▸ YOUR OBJECTIVE: Gather each line of the entries below that includes "ezdxf".

━━━━━━━━━━

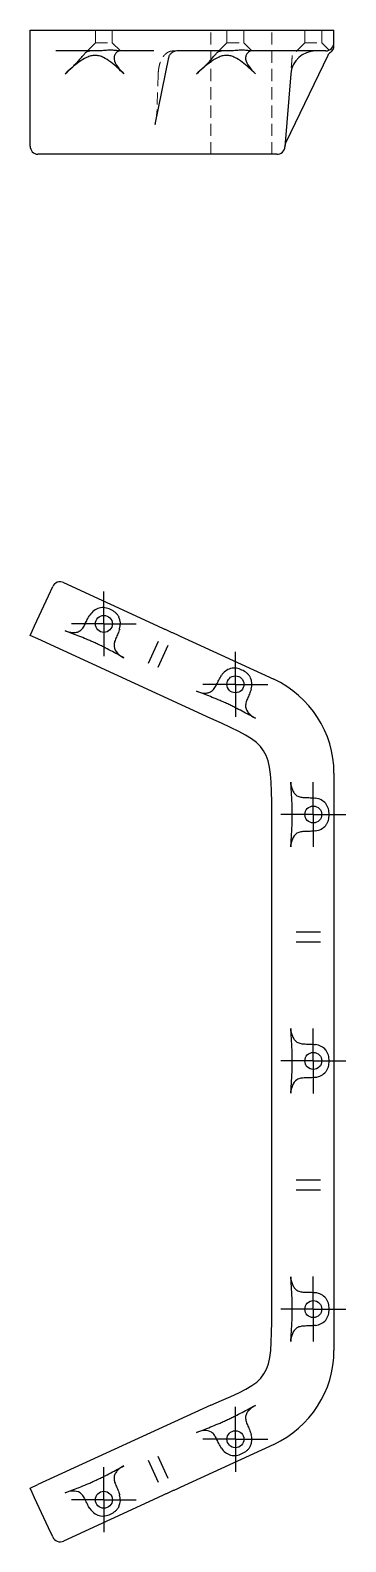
# Model space of a CAD drawing. Header units: millimetres. Extents: x 67 to 229, y 7 to 164.
# Drawn here: x 67.1 to 100, y 7 to 164.5 of the extents above.
import ezdxf

# ---------------------------------------------------------------- set-up
doc = ezdxf.new("R2010")
doc.units = ezdxf.units.MM
doc.linetypes.add('HIDDEN', pattern=[1.905, 1.27, -0.635])
doc.layers.add('10', color=7, linetype='Continuous')

# ---------------------------------------------------------------- blocks, each defined once
blk = doc.blocks.new('SW_CENTERMARKSYMBOL_0')
at = {"layer": '10', "color": 0}
for p, q in [((0, 2.5), (0, 3.38)), ((0, 0), (0, 2.5)), ((-2.5, 0), (-3.38, 0)), ((0, 0), (-2.5, 0)), ((0, 0), (0, -2.5)), ((0, 0), (2.5, 0)), ((2.5, 0), (3.38, 0)), ((0, -2.5), (0, -3.38))]:
    blk.add_line(p, q, dxfattribs=at)
blk = doc.blocks.new('SW_CENTERMARKSYMBOL_1')
at = {"layer": '10', "color": 0}
for p, q in [((0, 2.5), (0, 3.38)), ((0, 0), (0, 2.5)), ((-2.5, 0), (-3.38, 0)), ((0, 0), (-2.5, 0)), ((0, 0), (0, -2.5)), ((0, 0), (2.5, 0)), ((2.5, 0), (3.38, 0)), ((0, -2.5), (0, -3.38))]:
    blk.add_line(p, q, dxfattribs=at)
blk = doc.blocks.new('SW_CENTERMARKSYMBOL_2')
at = {"layer": '10', "color": 0}
for p, q in [((0, 2.5), (0, 3.38)), ((0, 0), (0, 2.5)), ((-2.5, 0), (-3.38, 0)), ((0, 0), (-2.5, 0)), ((0, 0), (0, -2.5)), ((0, 0), (2.5, 0)), ((2.5, 0), (3.38, 0)), ((0, -2.5), (0, -3.38))]:
    blk.add_line(p, q, dxfattribs=at)
blk = doc.blocks.new('SW_CENTERMARKSYMBOL_3')
at = {"layer": '10', "color": 0}
for p, q in [((0, 2.5), (0, 3.38)), ((0, 0), (0, 2.5)), ((-2.5, 0), (-3.38, 0)), ((0, 0), (-2.5, 0)), ((0, 0), (0, -2.5)), ((0, 0), (2.5, 0)), ((2.5, 0), (3.38, 0)), ((0, -2.5), (0, -3.38))]:
    blk.add_line(p, q, dxfattribs=at)
blk = doc.blocks.new('SW_CENTERMARKSYMBOL_4')
at = {"layer": '10', "color": 0}
for p, q in [((0, 2.5), (0, 3.38)), ((0, 0), (0, 2.5)), ((-2.5, 0), (-3.38, 0)), ((0, 0), (-2.5, 0)), ((0, 0), (0, -2.5)), ((0, 0), (2.5, 0)), ((2.5, 0), (3.38, 0)), ((0, -2.5), (0, -3.38))]:
    blk.add_line(p, q, dxfattribs=at)
blk = doc.blocks.new('SW_CENTERMARKSYMBOL_5')
at = {"layer": '10', "color": 0}
for p, q in [((0, 2.5), (0, 3.38)), ((0, 0), (0, 2.5)), ((-2.5, 0), (-3.38, 0)), ((0, 0), (-2.5, 0)), ((0, 0), (0, -2.5)), ((0, 0), (2.5, 0)), ((2.5, 0), (3.38, 0)), ((0, -2.5), (0, -3.38))]:
    blk.add_line(p, q, dxfattribs=at)
blk = doc.blocks.new('SW_CENTERMARKSYMBOL_6')
at = {"layer": '10', "color": 0}
for p, q in [((0, 2.5), (0, 3.38)), ((0, 0), (0, 2.5)), ((-2.5, 0), (-3.38, 0)), ((0, 0), (-2.5, 0)), ((0, 0), (0, -2.5)), ((0, 0), (2.5, 0)), ((2.5, 0), (3.38, 0)), ((0, -2.5), (0, -3.38))]:
    blk.add_line(p, q, dxfattribs=at)

msp = doc.modelspace()

# ---------------------------------------------------------------- linework, layer by layer
at = {"color": 7, "linetype": 'Continuous', "lineweight": 25}
for p, q in [((67.11, 152.4), (67.11, 164.46)), ((67.11, 164.46), (69.45, 164.46)), ((69.45, 164.46), (70.59, 164.46)), ((70.59, 164.46), (92.48, 164.46)), ((92.48, 164.46), (98.75, 164.46)), ((98.75, 163.17), (98.75, 164.46)), ((70.23, 162.31), (69.79, 162.31)), ((74.29, 162.31), (70.23, 162.31)), ((80, 162.31), (76.36, 162.31)), ((87.98, 162.31), (82.38, 162.31)), ((92.12, 162.31), (90.06, 162.31)), ((97.89, 162.31), (92.12, 162.31)), ((80.14, 154.64), (81.55, 161.61)), ((98.1, 161.82), (93.74, 152.76)), ((94.25, 159.93), (93.65, 152.33)), ((80.14, 154.64), (80.16, 154.75)), ((68.1, 151.54), (67.89, 151.54)), ((89.99, 151.54), (68.1, 151.54)), ((92.79, 151.54), (89.99, 151.54)), ((67.57, 102.41), (69.01, 105.54)), ((69.01, 105.54), (69.45, 106.5)), ((70.59, 106.92), (80.36, 102.43)), ((67.32, 101.86), (67.57, 102.41)), ((67.11, 101.41), (67.32, 101.86)), ((67.89, 101.05), (67.11, 101.41)), ((85.92, 92.76), (67.89, 101.05)), ((79.42, 98.53), (80.48, 100.83)), ((81.53, 101.89), (81.57, 101.87)), ((82.74, 101.33), (92.48, 96.85)), ((81.46, 100.38), (80.4, 98.08)), ((98.75, 87.07), (98.75, 71.32)), ((92.29, 31.18), (92.29, 82.82)), ((94.82, 70.55), (97.35, 70.55)), ((97.35, 69.48), (94.82, 69.48)), ((98.75, 70.04), (98.75, 69.99)), ((98.75, 68.7), (98.75, 45.48)), ((94.82, 44.7), (97.35, 44.7)), ((98.75, 44.19), (98.75, 44.14)), ((97.35, 43.63), (94.82, 43.63)), ((98.75, 42.85), (98.75, 26.93)), ((85.92, 21.24), (67.89, 12.95)), ((80.4, 15.92), (81.46, 13.62)), ((92.48, 17.15), (82.74, 12.67)), ((80.48, 13.17), (79.42, 15.47)), ((67.11, 12.59), (67.89, 12.95)), ((67.32, 12.14), (67.11, 12.59)), ((67.57, 11.59), (67.32, 12.14)), ((69.01, 8.46), (67.57, 11.59)), ((80.36, 11.57), (70.59, 7.08)), ((81.57, 12.13), (81.53, 12.11)), ((69.45, 7.5), (69.01, 8.46))]:
    msp.add_line(p, q, dxfattribs=at)
at = {"color": 7, "linetype": 'HIDDEN', "lineweight": 18}
for p, q in [((73.9, 164.46), (73.9, 163.15)), ((75.66, 163.15), (75.66, 164.46)), ((85.92, 151.54), (85.92, 164.46)), ((87.6, 164.46), (87.6, 163.15)), ((89.36, 163.15), (89.36, 164.46)), ((92.29, 151.54), (92.29, 164.46)), ((95.71, 164.46), (95.71, 163.15)), ((97.48, 163.15), (97.48, 164.46)), ((73.9, 163.15), (72.82, 162.07)), ((73.9, 163.15), (75.66, 163.15)), ((76.5, 162.31), (75.66, 163.15)), ((82.24, 162.31), (82.02, 162.31)), ((82.38, 162.31), (82.24, 162.31)), ((87.6, 163.15), (86.51, 162.07)), ((87.6, 163.15), (89.36, 163.15)), ((90.2, 162.31), (89.36, 163.15)), ((95.71, 163.15), (94.4, 161.83)), ((95.71, 163.15), (97.48, 163.15)), ((98.24, 162.39), (97.48, 163.15)), ((80.44, 159.89), (80.32, 156.22)), ((80.32, 156.22), (80.14, 154.63)), ((80.14, 154.63), (80.14, 154.64))]:
    msp.add_line(p, q, dxfattribs=at)
at = {"color": 7, "linetype": 'Continuous', "lineweight": 25}
for centre in [(74.78, 102.62), (88.48, 96.32), (96.6, 82.76), (96.6, 57.09), (96.6, 31.24), (88.48, 17.68), (74.78, 11.38)]:
    msp.add_circle(centre, 0.883, dxfattribs=at)
for centre, radius, start, end in [((96.83, 159.72), 2.58, 90, 175.4261), ((97.89, 163.17), 0.862, 270, 0), ((97.89, 162.86), 0.862, 304.9916, 0), ((98.88, 161.45), 0.862, 124.9916, 154.29), ((94.51, 152.38), 0.862, 154.29, 175.4261), ((67.93, 152.36), 0.825, 177.3866, 267.1231), ((92.79, 152.4), 0.862, 270, 355.4261), ((70.23, 106.14), 0.862, 65.2976, 155.2976), ((74.78, 102.62), 1.72, 106.7072, 147.551), ((74.78, 102.62), 1.72, 343.0442, 23.8879), ((88.48, 96.32), 1.72, 106.7072, 147.551), ((88.48, 96.32), 1.72, 343.0442, 23.8879), ((87.98, 87.07), 10.77, 0, 65.2976), ((96.6, 82.76), 1.72, 41.4096, 82.2534), ((96.6, 82.76), 1.72, 277.7466, 318.5904), ((96.6, 57.09), 1.72, 41.4096, 82.2534), ((96.6, 57.09), 1.72, 277.7466, 318.5904), ((96.6, 31.24), 1.72, 41.4096, 82.2534), ((96.6, 31.24), 1.72, 277.7466, 318.5904), ((87.98, 26.93), 10.77, 294.7024, 0), ((88.48, 17.68), 1.72, 336.1121, 16.9558), ((88.48, 17.68), 1.72, 212.449, 253.2928), ((74.78, 11.38), 1.72, 336.1121, 16.9558), ((74.78, 11.38), 1.72, 212.449, 253.2928), ((70.23, 7.86), 0.862, 204.7024, 294.7024)]:
    msp.add_arc(centre, radius, start, end, dxfattribs=at)
for points, knots in [([(70.74, 159.93), (71.01, 160.17), (71.27, 160.41), (71.67, 160.79), (71.8, 160.92), (72.06, 161.18), (72.18, 161.31), (72.4, 161.57), (72.5, 161.69), (72.68, 161.9), (72.75, 162), (72.9, 162.15), (72.97, 162.21), (73.14, 162.29), (73.23, 162.31), (73.33, 162.31)], [0, 0, 0, 0, 0.25, 0.25, 0.375, 0.375, 0.5, 0.5, 0.625, 0.625, 0.75, 0.75, 0.875, 0.875, 1, 1, 1, 1]), ([(76.36, 162.31), (76.32, 162.31), (76.26, 162.32), (76.13, 162.33), (76.06, 162.34), (75.83, 162.37), (75.65, 162.38), (75.29, 162.38), (75.09, 162.37), (74.79, 162.34), (74.69, 162.33), (74.49, 162.32), (74.38, 162.31), (74.29, 162.31)], [0, 0, 0, 0, 0.125, 0.125, 0.25, 0.25, 0.5, 0.5, 0.75, 0.75, 0.875, 0.875, 1, 1, 1, 1]), ([(76.43, 162.31), (76.38, 162.31), (76.31, 162.29), (76.18, 162.21), (76.1, 162.15), (75.97, 162), (75.91, 161.91), (75.84, 161.69), (75.83, 161.57), (75.88, 161.19), (76.02, 160.92), (76.39, 160.42), (76.61, 160.17), (76.86, 159.93)], [0, 0, 0, 0, 0.125, 0.125, 0.25, 0.25, 0.375, 0.375, 0.5, 0.5, 0.75, 0.75, 1, 1, 1, 1]), ([(81.55, 161.62), (81.56, 161.67), (81.59, 161.78), (81.67, 161.93), (81.78, 162.06), (81.89, 162.15), (82, 162.23), (82.15, 162.29), (82.2, 162.3), (82.24, 162.31)], [0, 0, 0, 0, 0.12081, 0.240878, 0.354983, 0.466072, 0.582376, 0.709778, 1, 1, 1, 1]), ([(84.44, 159.93), (84.7, 160.17), (84.97, 160.41), (85.37, 160.79), (85.5, 160.92), (85.76, 161.18), (85.88, 161.31), (86.1, 161.57), (86.2, 161.69), (86.37, 161.9), (86.45, 162), (86.6, 162.15), (86.67, 162.21), (86.84, 162.29), (86.93, 162.31), (87.03, 162.31)], [0, 0, 0, 0, 0.25, 0.25, 0.375, 0.375, 0.5, 0.5, 0.625, 0.625, 0.75, 0.75, 0.875, 0.875, 1, 1, 1, 1]), ([(90.06, 162.31), (90.01, 162.31), (89.96, 162.32), (89.83, 162.33), (89.76, 162.34), (89.53, 162.37), (89.35, 162.38), (88.98, 162.38), (88.79, 162.37), (88.49, 162.34), (88.39, 162.33), (88.19, 162.32), (88.08, 162.31), (87.98, 162.31)], [0, 0, 0, 0, 0.125, 0.125, 0.25, 0.25, 0.5, 0.5, 0.75, 0.75, 0.875, 0.875, 1, 1, 1, 1]), ([(90.13, 162.31), (90.07, 162.31), (90.01, 162.29), (89.87, 162.21), (89.8, 162.15), (89.67, 162), (89.61, 161.91), (89.54, 161.69), (89.53, 161.57), (89.58, 161.19), (89.72, 160.92), (90.09, 160.42), (90.31, 160.17), (90.56, 159.93)], [0, 0, 0, 0, 0.125, 0.125, 0.25, 0.25, 0.375, 0.375, 0.5, 0.5, 0.75, 0.75, 1, 1, 1, 1]), ([(76.86, 159.93), (76.64, 160.14), (76.42, 160.35), (75.96, 160.76), (75.73, 160.96), (75.25, 161.33), (75, 161.49), (74.6, 161.69), (74.45, 161.74), (74.16, 161.82), (74.02, 161.84), (73.72, 161.84), (73.56, 161.82), (73.27, 161.74), (73.13, 161.69), (72.7, 161.49), (72.44, 161.32), (71.94, 160.96), (71.69, 160.76), (71.21, 160.35), (70.98, 160.14), (70.74, 159.93)], [0, 0, 0, 0, 0.125, 0.125, 0.25, 0.25, 0.375, 0.375, 0.4375, 0.4375, 0.5, 0.5, 0.5625, 0.5625, 0.625, 0.625, 0.75, 0.75, 0.875, 0.875, 1, 1, 1, 1]), ([(90.56, 159.93), (90.34, 160.14), (90.12, 160.35), (89.66, 160.76), (89.43, 160.96), (88.95, 161.33), (88.7, 161.49), (88.29, 161.69), (88.15, 161.74), (87.86, 161.82), (87.72, 161.84), (87.42, 161.84), (87.26, 161.82), (86.97, 161.74), (86.83, 161.69), (86.4, 161.49), (86.14, 161.32), (85.64, 160.96), (85.39, 160.76), (84.91, 160.35), (84.68, 160.14), (84.44, 159.93)], [0, 0, 0, 0, 0.125, 0.125, 0.25, 0.25, 0.375, 0.375, 0.4375, 0.4375, 0.5, 0.5, 0.5625, 0.5625, 0.625, 0.625, 0.75, 0.75, 0.875, 0.875, 1, 1, 1, 1]), ([(76.36, 103.32), (76.32, 103.42), (76.26, 103.5), (76.13, 103.66), (76.06, 103.73), (75.83, 103.93), (75.65, 104.03), (75.29, 104.2), (75.09, 104.27), (74.79, 104.31), (74.69, 104.32), (74.49, 104.32), (74.38, 104.3), (74.29, 104.27)], [0, 0, 0, 0, 0.125, 0.125, 0.25, 0.25, 0.5, 0.5, 0.75, 0.75, 0.875, 0.875, 1, 1, 1, 1]), ([(70.74, 101.9), (71.01, 101.8), (71.27, 101.74), (71.67, 101.71), (71.8, 101.72), (72.06, 101.77), (72.18, 101.82), (72.4, 101.97), (72.5, 102.07), (72.68, 102.31), (72.75, 102.45), (72.9, 102.75), (72.97, 102.91), (73.14, 103.23), (73.23, 103.39), (73.33, 103.55)], [0, 0, 0, 0, 0.25, 0.25, 0.375, 0.375, 0.5, 0.5, 0.625, 0.625, 0.75, 0.75, 0.875, 0.875, 1, 1, 1, 1]), ([(76.86, 99.09), (76.64, 99.21), (76.42, 99.33), (75.96, 99.57), (75.73, 99.7), (75.25, 99.95), (75, 100.08), (74.6, 100.28), (74.45, 100.35), (74.16, 100.49), (74.02, 100.56), (73.72, 100.7), (73.56, 100.77), (73.27, 100.9), (73.13, 100.96), (72.7, 101.14), (72.44, 101.24), (71.94, 101.44), (71.69, 101.54), (71.21, 101.72), (70.98, 101.81), (70.74, 101.9)], [0, 0, 0, 0, 0.125, 0.125, 0.25, 0.25, 0.375, 0.375, 0.4375, 0.4375, 0.5, 0.5, 0.5625, 0.5625, 0.625, 0.625, 0.75, 0.75, 0.875, 0.875, 1, 1, 1, 1]), ([(76.43, 102.12), (76.38, 101.94), (76.31, 101.77), (76.18, 101.44), (76.1, 101.28), (75.97, 100.97), (75.91, 100.83), (75.84, 100.53), (75.83, 100.4), (75.88, 100), (76.02, 99.77), (76.39, 99.38), (76.61, 99.22), (76.86, 99.09)], [0, 0, 0, 0, 0.125, 0.125, 0.25, 0.25, 0.375, 0.375, 0.5, 0.5, 0.75, 0.75, 1, 1, 1, 1]), ([(90.06, 97.02), (90.01, 97.11), (89.96, 97.2), (89.83, 97.36), (89.76, 97.43), (89.53, 97.63), (89.35, 97.73), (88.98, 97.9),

━━━━━━━━━━

▸ YOUR RESPONSE:
import ezdxf
doc = ezdxf.new("R2010")
doc.units = ezdxf.units.MM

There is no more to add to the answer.